#### EXERCISE DESCRIPTION:
Below are entries. Copy exactly the lines running from the line that holds "204.681667), (365.195556, 204.681667)])" to the line that holds "204.607583), (368.349389, 204.50175)])", with both ends included.

*** Opening DATA ***

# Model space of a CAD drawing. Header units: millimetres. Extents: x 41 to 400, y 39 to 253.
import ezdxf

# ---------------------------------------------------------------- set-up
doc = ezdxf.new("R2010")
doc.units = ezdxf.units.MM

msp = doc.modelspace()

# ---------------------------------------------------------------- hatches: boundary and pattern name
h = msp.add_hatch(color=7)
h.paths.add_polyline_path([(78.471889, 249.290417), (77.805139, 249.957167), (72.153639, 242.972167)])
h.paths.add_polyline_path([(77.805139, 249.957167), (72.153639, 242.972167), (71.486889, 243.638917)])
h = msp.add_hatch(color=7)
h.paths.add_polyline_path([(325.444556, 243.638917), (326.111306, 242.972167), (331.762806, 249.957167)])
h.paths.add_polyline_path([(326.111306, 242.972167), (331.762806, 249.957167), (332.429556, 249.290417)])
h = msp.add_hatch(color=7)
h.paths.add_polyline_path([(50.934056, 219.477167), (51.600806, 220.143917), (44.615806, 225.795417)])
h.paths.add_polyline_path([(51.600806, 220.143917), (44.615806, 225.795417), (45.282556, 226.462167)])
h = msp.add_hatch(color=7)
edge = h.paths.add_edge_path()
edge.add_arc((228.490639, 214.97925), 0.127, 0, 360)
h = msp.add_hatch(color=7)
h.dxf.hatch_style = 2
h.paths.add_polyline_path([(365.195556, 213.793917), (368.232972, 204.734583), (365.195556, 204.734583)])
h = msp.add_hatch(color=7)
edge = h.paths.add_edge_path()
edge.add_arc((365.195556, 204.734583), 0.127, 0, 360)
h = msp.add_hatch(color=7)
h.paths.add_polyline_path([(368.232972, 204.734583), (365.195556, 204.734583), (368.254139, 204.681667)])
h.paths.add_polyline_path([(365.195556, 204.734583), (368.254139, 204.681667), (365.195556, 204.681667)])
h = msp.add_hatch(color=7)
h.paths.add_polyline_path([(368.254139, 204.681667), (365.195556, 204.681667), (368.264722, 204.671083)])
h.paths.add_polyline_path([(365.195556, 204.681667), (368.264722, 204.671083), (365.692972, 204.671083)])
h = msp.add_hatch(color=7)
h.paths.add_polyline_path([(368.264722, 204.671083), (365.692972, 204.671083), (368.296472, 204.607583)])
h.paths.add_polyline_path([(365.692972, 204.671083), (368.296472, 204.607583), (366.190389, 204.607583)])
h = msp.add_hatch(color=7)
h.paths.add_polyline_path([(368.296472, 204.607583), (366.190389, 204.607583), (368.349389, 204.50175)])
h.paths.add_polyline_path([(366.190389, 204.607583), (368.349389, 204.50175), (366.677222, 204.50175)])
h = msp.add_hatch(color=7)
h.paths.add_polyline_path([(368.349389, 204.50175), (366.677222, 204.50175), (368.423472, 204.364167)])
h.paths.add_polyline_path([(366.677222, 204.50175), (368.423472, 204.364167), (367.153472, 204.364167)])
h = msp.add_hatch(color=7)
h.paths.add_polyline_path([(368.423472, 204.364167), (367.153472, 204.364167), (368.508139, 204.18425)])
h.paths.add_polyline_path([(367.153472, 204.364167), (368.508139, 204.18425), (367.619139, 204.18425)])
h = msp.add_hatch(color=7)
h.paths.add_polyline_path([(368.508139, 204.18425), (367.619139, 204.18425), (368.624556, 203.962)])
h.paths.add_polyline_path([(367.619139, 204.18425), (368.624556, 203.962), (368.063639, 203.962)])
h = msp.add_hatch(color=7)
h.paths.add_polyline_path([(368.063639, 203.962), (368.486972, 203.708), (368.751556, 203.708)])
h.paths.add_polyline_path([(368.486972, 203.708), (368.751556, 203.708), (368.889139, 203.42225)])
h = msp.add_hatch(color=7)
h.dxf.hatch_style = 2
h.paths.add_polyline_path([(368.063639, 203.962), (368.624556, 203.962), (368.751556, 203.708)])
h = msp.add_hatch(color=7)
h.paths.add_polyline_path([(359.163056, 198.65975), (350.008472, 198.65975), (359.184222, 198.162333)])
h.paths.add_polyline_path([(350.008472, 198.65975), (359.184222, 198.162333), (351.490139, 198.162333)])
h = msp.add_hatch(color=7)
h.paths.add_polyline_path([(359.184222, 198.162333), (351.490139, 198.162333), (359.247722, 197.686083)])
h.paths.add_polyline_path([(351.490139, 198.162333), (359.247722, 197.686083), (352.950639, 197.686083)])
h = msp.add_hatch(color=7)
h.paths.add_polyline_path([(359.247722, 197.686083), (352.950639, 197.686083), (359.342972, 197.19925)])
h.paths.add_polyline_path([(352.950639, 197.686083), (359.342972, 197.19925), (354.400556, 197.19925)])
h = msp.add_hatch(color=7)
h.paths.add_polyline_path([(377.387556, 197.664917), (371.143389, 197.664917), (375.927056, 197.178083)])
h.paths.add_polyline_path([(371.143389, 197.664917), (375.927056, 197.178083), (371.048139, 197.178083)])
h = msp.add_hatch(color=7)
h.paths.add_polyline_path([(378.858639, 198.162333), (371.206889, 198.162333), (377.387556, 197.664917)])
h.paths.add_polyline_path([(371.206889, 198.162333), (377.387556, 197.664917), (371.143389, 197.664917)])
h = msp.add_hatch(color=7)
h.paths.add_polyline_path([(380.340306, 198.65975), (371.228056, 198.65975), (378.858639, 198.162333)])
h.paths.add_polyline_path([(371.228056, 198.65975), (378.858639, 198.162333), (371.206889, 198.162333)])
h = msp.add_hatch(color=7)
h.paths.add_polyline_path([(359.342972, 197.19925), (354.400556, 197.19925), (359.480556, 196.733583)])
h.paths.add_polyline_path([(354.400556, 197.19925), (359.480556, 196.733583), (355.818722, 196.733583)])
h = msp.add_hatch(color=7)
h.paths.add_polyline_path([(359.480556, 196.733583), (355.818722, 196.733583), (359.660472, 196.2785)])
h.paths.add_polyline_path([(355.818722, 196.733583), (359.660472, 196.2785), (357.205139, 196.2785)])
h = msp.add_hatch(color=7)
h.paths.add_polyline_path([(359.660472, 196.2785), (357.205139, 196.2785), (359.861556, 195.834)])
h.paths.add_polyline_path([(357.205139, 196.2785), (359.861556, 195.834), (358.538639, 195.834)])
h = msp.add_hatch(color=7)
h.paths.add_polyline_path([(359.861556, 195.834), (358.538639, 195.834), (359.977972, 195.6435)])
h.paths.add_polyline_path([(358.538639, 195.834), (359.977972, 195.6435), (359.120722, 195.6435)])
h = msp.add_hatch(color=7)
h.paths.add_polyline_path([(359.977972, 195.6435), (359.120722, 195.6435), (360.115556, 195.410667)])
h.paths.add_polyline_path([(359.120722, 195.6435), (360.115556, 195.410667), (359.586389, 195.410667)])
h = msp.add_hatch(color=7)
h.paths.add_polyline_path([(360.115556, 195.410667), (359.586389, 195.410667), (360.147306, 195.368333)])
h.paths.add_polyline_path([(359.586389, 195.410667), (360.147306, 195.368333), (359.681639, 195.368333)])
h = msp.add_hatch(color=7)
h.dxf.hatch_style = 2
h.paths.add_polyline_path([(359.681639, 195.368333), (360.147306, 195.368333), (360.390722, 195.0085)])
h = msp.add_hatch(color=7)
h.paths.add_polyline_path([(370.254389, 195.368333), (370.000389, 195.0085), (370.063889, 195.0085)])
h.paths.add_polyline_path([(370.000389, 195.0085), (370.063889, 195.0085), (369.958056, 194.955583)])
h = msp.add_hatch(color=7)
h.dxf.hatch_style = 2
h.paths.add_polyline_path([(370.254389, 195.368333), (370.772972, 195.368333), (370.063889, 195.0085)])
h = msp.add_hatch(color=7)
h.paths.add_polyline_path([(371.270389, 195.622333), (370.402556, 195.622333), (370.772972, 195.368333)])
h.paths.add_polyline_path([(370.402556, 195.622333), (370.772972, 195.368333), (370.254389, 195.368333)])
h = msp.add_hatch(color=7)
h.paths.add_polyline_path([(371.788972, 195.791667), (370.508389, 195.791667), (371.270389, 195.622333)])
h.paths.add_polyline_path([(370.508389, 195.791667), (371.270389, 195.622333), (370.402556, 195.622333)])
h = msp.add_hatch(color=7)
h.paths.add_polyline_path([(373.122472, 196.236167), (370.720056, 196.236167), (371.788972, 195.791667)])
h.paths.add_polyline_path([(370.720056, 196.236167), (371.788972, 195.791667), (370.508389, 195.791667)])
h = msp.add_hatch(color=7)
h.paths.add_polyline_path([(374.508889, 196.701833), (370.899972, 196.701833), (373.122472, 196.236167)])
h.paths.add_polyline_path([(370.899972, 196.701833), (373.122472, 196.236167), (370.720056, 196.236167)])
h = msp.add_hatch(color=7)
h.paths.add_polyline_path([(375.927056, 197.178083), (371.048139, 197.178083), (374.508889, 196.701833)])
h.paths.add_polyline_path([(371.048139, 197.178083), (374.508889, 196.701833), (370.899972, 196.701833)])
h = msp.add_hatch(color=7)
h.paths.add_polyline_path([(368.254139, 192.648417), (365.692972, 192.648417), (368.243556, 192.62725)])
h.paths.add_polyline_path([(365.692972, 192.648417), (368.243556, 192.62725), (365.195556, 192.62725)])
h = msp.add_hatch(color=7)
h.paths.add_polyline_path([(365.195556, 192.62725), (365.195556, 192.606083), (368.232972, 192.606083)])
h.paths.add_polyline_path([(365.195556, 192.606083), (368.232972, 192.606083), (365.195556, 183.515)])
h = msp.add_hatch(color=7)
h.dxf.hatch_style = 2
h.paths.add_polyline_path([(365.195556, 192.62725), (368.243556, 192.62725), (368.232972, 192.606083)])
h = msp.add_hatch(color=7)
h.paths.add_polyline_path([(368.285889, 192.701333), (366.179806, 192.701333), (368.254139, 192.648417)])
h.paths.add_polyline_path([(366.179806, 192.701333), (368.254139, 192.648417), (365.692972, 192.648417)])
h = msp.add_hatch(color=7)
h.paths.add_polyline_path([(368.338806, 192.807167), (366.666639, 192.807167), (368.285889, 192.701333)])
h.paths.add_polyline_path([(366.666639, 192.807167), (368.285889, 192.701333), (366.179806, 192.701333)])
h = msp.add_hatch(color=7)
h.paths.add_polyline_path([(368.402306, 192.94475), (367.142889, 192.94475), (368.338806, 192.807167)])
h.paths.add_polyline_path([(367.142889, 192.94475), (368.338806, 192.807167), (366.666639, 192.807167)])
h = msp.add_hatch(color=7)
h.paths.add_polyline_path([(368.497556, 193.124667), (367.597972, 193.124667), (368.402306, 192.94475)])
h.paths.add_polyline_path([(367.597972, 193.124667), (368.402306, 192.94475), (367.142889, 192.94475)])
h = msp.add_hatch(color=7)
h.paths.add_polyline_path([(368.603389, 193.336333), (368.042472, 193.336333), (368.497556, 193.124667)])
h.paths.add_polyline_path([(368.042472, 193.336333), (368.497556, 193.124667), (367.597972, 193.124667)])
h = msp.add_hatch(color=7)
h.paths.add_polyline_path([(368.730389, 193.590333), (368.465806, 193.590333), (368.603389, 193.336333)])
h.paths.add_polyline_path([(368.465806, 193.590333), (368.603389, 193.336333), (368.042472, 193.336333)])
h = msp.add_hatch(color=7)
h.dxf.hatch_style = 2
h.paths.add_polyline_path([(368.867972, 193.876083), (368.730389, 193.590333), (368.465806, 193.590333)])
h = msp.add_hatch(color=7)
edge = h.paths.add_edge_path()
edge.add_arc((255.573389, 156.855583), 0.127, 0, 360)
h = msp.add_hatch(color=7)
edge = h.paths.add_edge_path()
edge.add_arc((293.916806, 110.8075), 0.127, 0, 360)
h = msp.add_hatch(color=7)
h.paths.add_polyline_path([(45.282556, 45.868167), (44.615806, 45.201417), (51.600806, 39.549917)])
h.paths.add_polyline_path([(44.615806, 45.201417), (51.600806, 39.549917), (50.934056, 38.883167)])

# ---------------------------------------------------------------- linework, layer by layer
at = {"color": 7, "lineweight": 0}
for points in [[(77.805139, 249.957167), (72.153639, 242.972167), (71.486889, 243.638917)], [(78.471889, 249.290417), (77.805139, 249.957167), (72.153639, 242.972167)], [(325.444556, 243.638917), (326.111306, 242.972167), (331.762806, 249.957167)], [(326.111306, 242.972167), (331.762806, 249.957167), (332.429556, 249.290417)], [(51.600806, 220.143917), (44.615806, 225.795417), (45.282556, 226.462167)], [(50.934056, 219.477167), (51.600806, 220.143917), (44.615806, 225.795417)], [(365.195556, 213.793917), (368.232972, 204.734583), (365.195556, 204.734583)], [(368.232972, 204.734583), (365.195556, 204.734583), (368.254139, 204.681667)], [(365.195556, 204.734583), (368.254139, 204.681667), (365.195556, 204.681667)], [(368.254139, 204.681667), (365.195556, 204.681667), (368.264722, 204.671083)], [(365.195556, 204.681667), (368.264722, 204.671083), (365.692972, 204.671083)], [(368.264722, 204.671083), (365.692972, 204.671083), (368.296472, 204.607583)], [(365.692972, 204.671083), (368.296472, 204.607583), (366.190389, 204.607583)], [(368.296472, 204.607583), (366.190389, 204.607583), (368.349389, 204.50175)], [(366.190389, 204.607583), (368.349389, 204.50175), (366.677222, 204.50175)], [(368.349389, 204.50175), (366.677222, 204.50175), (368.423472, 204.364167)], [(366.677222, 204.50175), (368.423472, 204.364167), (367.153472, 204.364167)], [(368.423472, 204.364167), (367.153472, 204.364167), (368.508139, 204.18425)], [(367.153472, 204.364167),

*** Closing DATA ***

#### RESPONSE:
h.paths.add_polyline_path([(365.195556, 204.734583), (368.254139, 204.681667), (365.195556, 204.681667)])
h = msp.add_hatch(color=7)
h.paths.add_polyline_path([(368.254139, 204.681667), (365.195556, 204.681667), (368.264722, 204.671083)])
h.paths.add_polyline_path([(365.195556, 204.681667), (368.264722, 204.671083), (365.692972, 204.671083)])
h = msp.add_hatch(color=7)
h.paths.add_polyline_path([(368.264722, 204.671083), (365.692972, 204.671083), (368.296472, 204.607583)])
h.paths.add_polyline_path([(365.692972, 204.671083), (368.296472, 204.607583), (366.190389, 204.607583)])
h = msp.add_hatch(color=7)
h.paths.add_polyline_path([(368.296472, 204.607583), (366.190389, 204.607583), (368.349389, 204.50175)])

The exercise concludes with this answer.